• [Stored records]:
····················
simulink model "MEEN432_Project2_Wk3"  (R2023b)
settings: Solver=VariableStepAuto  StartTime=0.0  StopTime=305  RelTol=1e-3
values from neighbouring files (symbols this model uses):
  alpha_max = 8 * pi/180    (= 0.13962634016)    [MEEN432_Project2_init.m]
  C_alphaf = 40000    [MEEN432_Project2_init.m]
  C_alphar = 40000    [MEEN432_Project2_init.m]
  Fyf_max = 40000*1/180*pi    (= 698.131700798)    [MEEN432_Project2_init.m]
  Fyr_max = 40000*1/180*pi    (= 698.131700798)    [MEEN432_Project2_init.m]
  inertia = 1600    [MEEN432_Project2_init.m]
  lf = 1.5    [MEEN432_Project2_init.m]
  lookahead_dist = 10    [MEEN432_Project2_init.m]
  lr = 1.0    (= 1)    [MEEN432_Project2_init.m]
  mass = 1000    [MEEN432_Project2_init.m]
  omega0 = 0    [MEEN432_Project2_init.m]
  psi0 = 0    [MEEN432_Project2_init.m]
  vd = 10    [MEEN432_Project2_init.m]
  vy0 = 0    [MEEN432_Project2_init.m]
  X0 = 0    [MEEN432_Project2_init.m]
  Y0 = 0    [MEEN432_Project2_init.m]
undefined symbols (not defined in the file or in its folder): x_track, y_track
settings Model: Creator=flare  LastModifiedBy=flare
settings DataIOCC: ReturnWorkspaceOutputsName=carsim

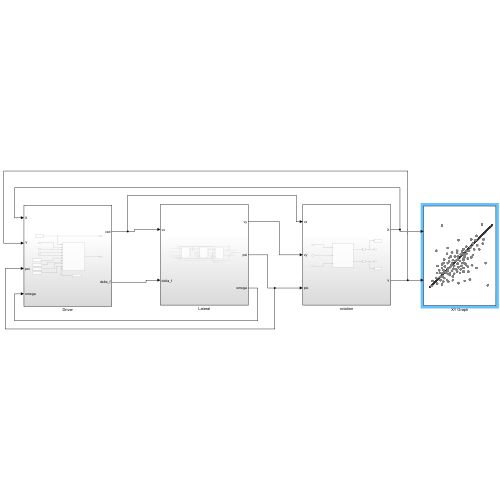
[thumbnail: Simulink's stored preview of the top-level diagram]
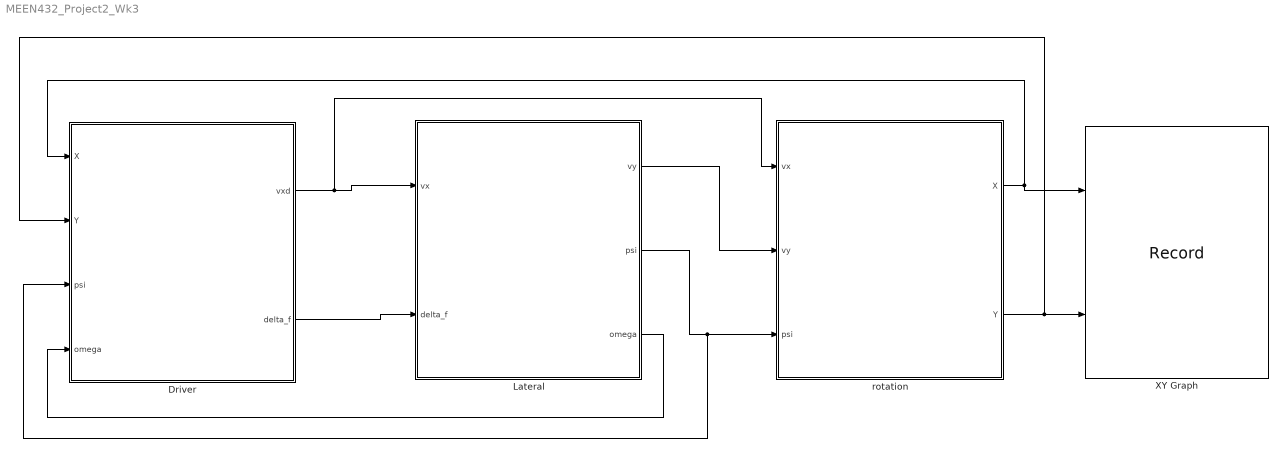
== system MEEN432_Project2_Wk3 ==
  Driver : Subsystem
  Lateral : Subsystem
  XY Graph : Record  FileSettingsInternal="{\"entries\":[{\"content\":{\"excelSettings\":{\"content\":{},\"type\":\"Streamout.ExcelSettings\"}},\"type\":\"Streamout.FileSettingStorage\",\"uuid\":\"\"}],\"packageUris\":[\"http:\\/\\/schema.mathworks.com\\/mf0\\/streamout_blocks\\/R2020a\"],\"version\":\"1.0\"}"  Layout=[1 1]  SignalsInternal="{\"entries\":[{\"content\":{\"signals\":[{\"content\":{\"blockPath\":[],\"dimensions\":[1],\"domain\":\"\",\"lineColor\":\"#a2142f\",\"plots\":[1],\"port\":1,\"sid\":[\"\"],\"signalID\":528,\"signalName\":\"rotation:1\"},\"type\":\"RecordBlkView.Signal\",\"uuid\":\"\"},{\"content\":{\"blockPath\":[],\"dimensions\":[1],\"domain\":\"\",\"lineColor\":\"#139fff\",\"plots\":[1],\"port\":2,\"sid\":[\"\"],\"signalID\":532,\"signalName\":\"rotation:2\"},\"type\":\"RecordBlkView.Signal\",\"uuid\":\"\"}]},\"type\":\"RecordBlkView.InputSignals\",\"uuid\":\"\"}],\"packageUris\":[\"http:\\/\\/schema.mathworks.com\\/mf0\\/streamout_blocks\\/R2020a\"],\"version\":\"1.0\"}"  VisualizationBindings="{\"xyplotplugin\":{\"info\":[{\"series\":[{\"bindingParametersList\":[{\"parameter\":\"X-Axis\",\"signalID\":528,\"signalName\":\"rotation:1\"},{\"parameter\":\"Y-Axis\",\"signalID\":532,\"signalName\":\"rotation:2\"}],\"seriesID\":60233}],\"subplotID\":1}]}}"  CompatibilityTag=XY
  rotation : Subsystem
  wires:
  Driver/1(vxd) -> rotation/1(vx), Lateral/1(vx)
  Driver/2(delta_f) -> Lateral/2(delta_f)
  Lateral/2(psi) -> Driver/3(psi), rotation/3(psi)
  Lateral/1(vy) -> rotation/2(vy)
  Lateral/3(omega) -> Driver/4(omega)
  rotation/1(X) -> Driver/1(X), XY Graph/1
  rotation/2(Y) -> Driver/2(Y), XY Graph/2

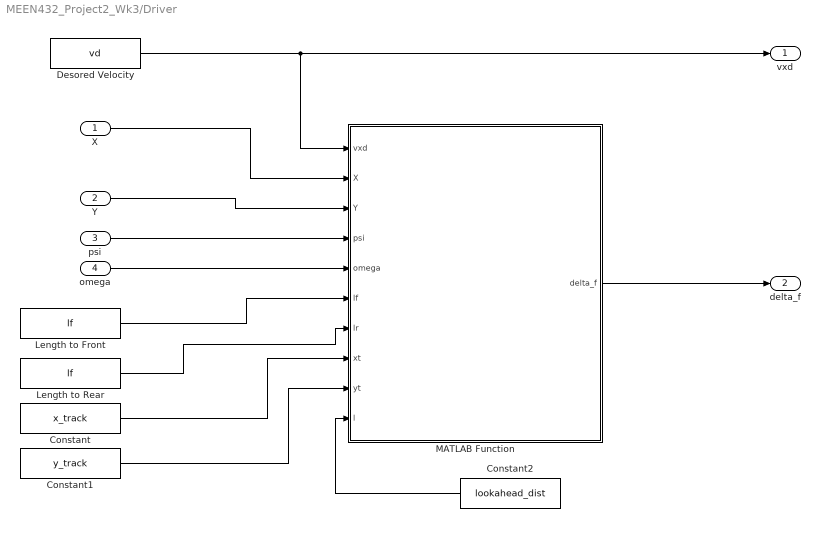
== system MEEN432_Project2_Wk3/Driver ==
  X : Inport
  Y : Inport  Port=2
  psi : Inport  Port=3
  omega : Inport  Port=4
  Constant : Constant  Value=x_track  VectorParams1D=off
  Constant1 : Constant  Value=y_track  VectorParams1D=off
  Constant2 : Constant  Value=lookahead_dist
  Desored Velocity : Constant  Value=vd
  Length to Front : Constant  Value=lf
  Length to Rear : Constant  Value=lf
  MATLAB Function : MATLAB Function  TreatAsAtomicUnit=on
  vxd : Outport
  delta_f : Outport  Port=2
  wires:
  omega/1 -> MATLAB Function/5(omega)
  psi/1 -> MATLAB Function/4(psi)
  Y/1 -> MATLAB Function/3(Y)
  X/1 -> MATLAB Function/2(X)
  Length to Front/1 -> MATLAB Function/6(lf)
  Constant/1 -> MATLAB Function/8(xt)
  Constant1/1 -> MATLAB Function/9(yt)
  Desored Velocity/1 -> vxd/1, MATLAB Function/1(vxd)
  MATLAB Function/1(delta_f) -> delta_f/1
  Constant2/1 -> MATLAB Function/10(l)
  Length to Rear/1 -> MATLAB Function/7(lr)

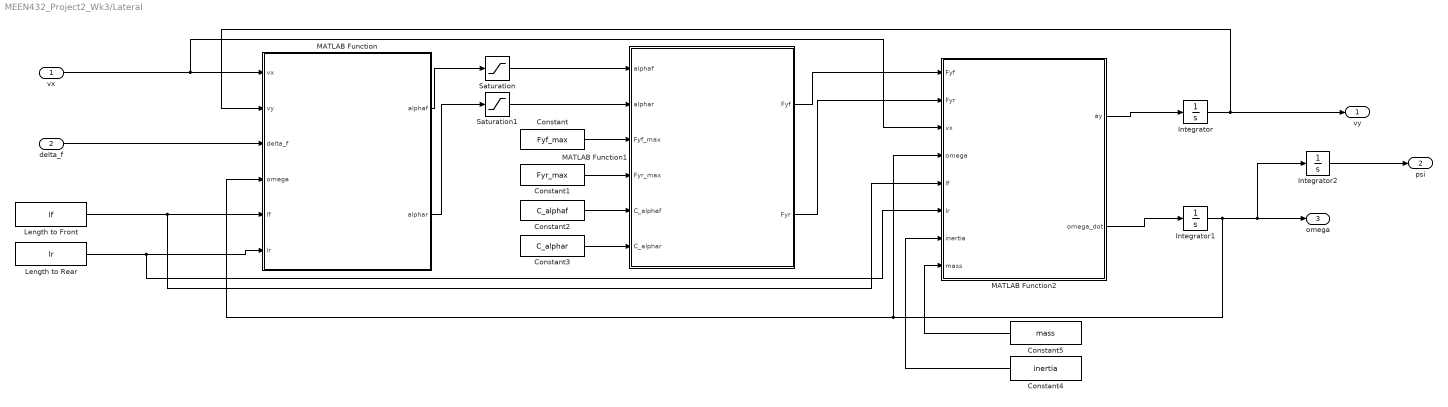
== system MEEN432_Project2_Wk3/Lateral ==
  vx : Inport
  delta_f : Inport  Port=2
  Constant : Constant  Value=Fyf_max
  Constant1 : Constant  Value=Fyr_max
  Constant2 : Constant  Value=C_alphaf
  Constant3 : Constant  Value=C_alphar
  Constant4 : Constant  Value=inertia
  Constant5 : Constant  Value=mass
  Integrator : Integrator  InitialCondition=vy0
  Integrator1 : Integrator  InitialCondition=omega0
  Integrator2 : Integrator  InitialCondition=psi0
  Length to Front : Constant  Value=lf
  Length to Rear : Constant  Value=lr
  MATLAB Function : MATLAB Function  TreatAsAtomicUnit=on
  MATLAB Function1 : MATLAB Function  TreatAsAtomicUnit=on
  MATLAB Function2 : MATLAB Function  TreatAsAtomicUnit=on
  Saturation : Saturate  UpperLimit=alpha_max  LowerLimit=-alpha_max
  Saturation1 : Saturate  UpperLimit=alpha_max  LowerLimit=-alpha_max
  vy : Outport
  psi : Outport  Port=2
  omega : Outport  Port=3
  wires:
  vx/1 -> MATLAB Function2/3(vx), MATLAB Function/1(vx)
  delta_f/1 -> MATLAB Function/3(delta_f)
  MATLAB Function/1(alphaf) -> Saturation/1
  MATLAB Function/2(alphar) -> Saturation1/1
  Saturation/1 -> MATLAB Function1/1(alphaf)
  Saturation1/1 -> MATLAB Function1/2(alphar)
  MATLAB Function1/1(Fyf) -> MATLAB Function2/1(Fyf)
  MATLAB Function1/2(Fyr) -> MATLAB Function2/2(Fyr)
  MATLAB Function2/1(ay) -> Integrator/1
  MATLAB Function2/2(omega_dot) -> Integrator1/1
  Integrator1/1 -> MATLAB Function/4(omega), MATLAB Function2/4(omega), omega/1, Integrator2/1
  Integrator/1 -> MATLAB Function/2(vy), vy/1
  Integrator2/1 -> psi/1
  Length to Front/1 -> MATLAB Function2/5(lf), MATLAB Function/5(lf)
  Length to Rear/1 -> MATLAB Function2/6(lr), MATLAB Function/6(lr)
  Constant/1 -> MATLAB Function1/3(Fyf_max)
  Constant1/1 -> MATLAB Function1/4(Fyr_max)
  Constant2/1 -> MATLAB Function1/5(C_alphaf)
  Constant3/1 -> MATLAB Function1/6(C_alphar)
  Constant4/1 -> MATLAB Function2/7(inertia)
  Constant5/1 -> MATLAB Function2/8(mass)

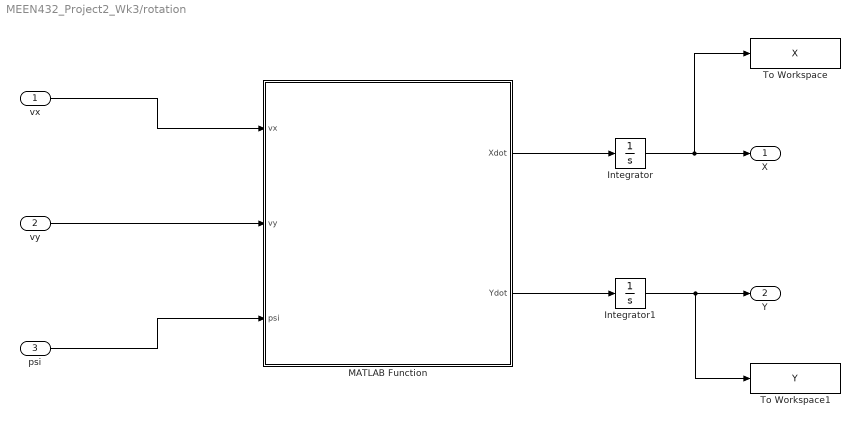
== system MEEN432_Project2_Wk3/rotation ==
  vx : Inport
  vy : Inport  Port=2
  psi : Inport  Port=3
  Integrator : Integrator  InitialCondition=X0
  Integrator1 : Integrator  InitialCondition=Y0
  MATLAB Function : MATLAB Function  TreatAsAtomicUnit=on
  To Workspace : ToWorkspace  VariableName=X  SaveFormat=Timeseries  SampleTime=-1
  To Workspace1 : ToWorkspace  VariableName=Y  SaveFormat=Timeseries  SampleTime=-1
  X : Outport
  Y : Outport  Port=2
  wires:
  vx/1 -> MATLAB Function/1(vx)
  vy/1 -> MATLAB Function/2(vy)
  psi/1 -> MATLAB Function/3(psi)
  MATLAB Function/1(Xdot) -> Integrator/1
  MATLAB Function/2(Ydot) -> Integrator1/1
  Integrator/1 -> To Workspace/1, X/1
  Integrator1/1 -> To Workspace1/1, Y/1

== matlab function MEEN432_Project2_Wk3/Lateral/MATLAB Function ==
  data: vx input; vy input; alphaf output; delta_f input; omega input; alphar output; vx_max parameter; lf input; lr input
function [alphaf, alphar] = fcn(vx, vy, delta_f, omega, vx_max, lf, lr)

%make sure velocity isn't too high
if abs(vx) > vx_max
    alphaf = delta_f - (vy + omega *lf) / vx;
    alphar = -(vy - omega *lr) / vx;
else
    alphaf = 0;
    alphar = 0;
end

== matlab function MEEN432_Project2_Wk3/Driver/MATLAB Function ==
  data: vxd input; X input; delta_f output; Y input; psi input; omega input; lf input; lr input; xt input; yt input; l input
function delta_f = fcn(vxd, X, Y, psi, omega, lf, lr, xt, yt, l)

%initializes this function
car_loc = [X, Y];
track = [xt; yt];
dist = [];
look_ahead = l;
base = lf + lr;

%distance to all points on track
for i = 1:length(track)
    dist(end+1) = ((track(1,i)-car_loc(1))^2 + (track(2,i) - car_loc(2))^2)^(1/2);
end

%finds closest point and adds the set look ahead distance
[~, closest] = min(dist);
indx = closest + look_ahead;

if indx > length(track)
    indx = length(track);
end

target = track(:,indx);

%calculations
alpha = atan2(target(2)-car_loc(2), target(1)-car_loc(1)) - psi;
psi_dot = 2*vxd*sin(alpha)/base;
delta_f = psi_dot - omega;

== matlab function MEEN432_Project2_Wk3/Lateral/MATLAB Function1 ==
  data: alphaf input; Fyf output; alphar input; Fyf_max input; Fyr output; Fyr_max input; C_alphaf input; C_alphar input
function [Fyf, Fyr] = fcn(alphaf, alphar, Fyf_max, Fyr_max, C_alphaf, C_alphar)

Fyf = C_alphaf * alphaf;
Fyr = C_alphar * alphar;

if Fyf > Fyf_max
    Fyf = Fyf_max;
end

if Fyr > Fyr_max
    Fyr = Fyr_max;
end

== matlab function MEEN432_Project2_Wk3/Lateral/MATLAB Function2 ==
  data: Fyf input; ay output; Fyr input; vx input; omega input; omega_dot output; lf input; lr input; inertia input; mass input
function [ay, omega_dot] = fcn(Fyf, Fyr, vx, omega, lf, lr, inertia, mass)

ay = (Fyf +Fyr)/mass - omega*vx;

M = Fyf*lf - Fyr*lr;
omega_dot = M/inertia;

== matlab function MEEN432_Project2_Wk3/rotation/MATLAB Function ==
  data: vx input; Xdot output; vy input; psi input; Ydot output
function [Xdot, Ydot] = fcn(vx, vy, psi)

%velocity matrix
v = [vx; vy];
%rotation matrix
rot = [cos(psi), -sin(psi); sin(psi), cos(psi)];

temp = rot * v;

%rotated velocity matrix
Xdot = temp(1);
Ydot = temp(2);
····················
• [INSTRUCTIONS TO FOLLOW]: Take the entries above and copy out all lines with the string "VariableName".

• [TASK RESULT]:
  To Workspace : ToWorkspace  VariableName=X  SaveFormat=Timeseries  SampleTime=-1
  To Workspace1 : ToWorkspace  VariableName=Y  SaveFormat=Timeseries  SampleTime=-1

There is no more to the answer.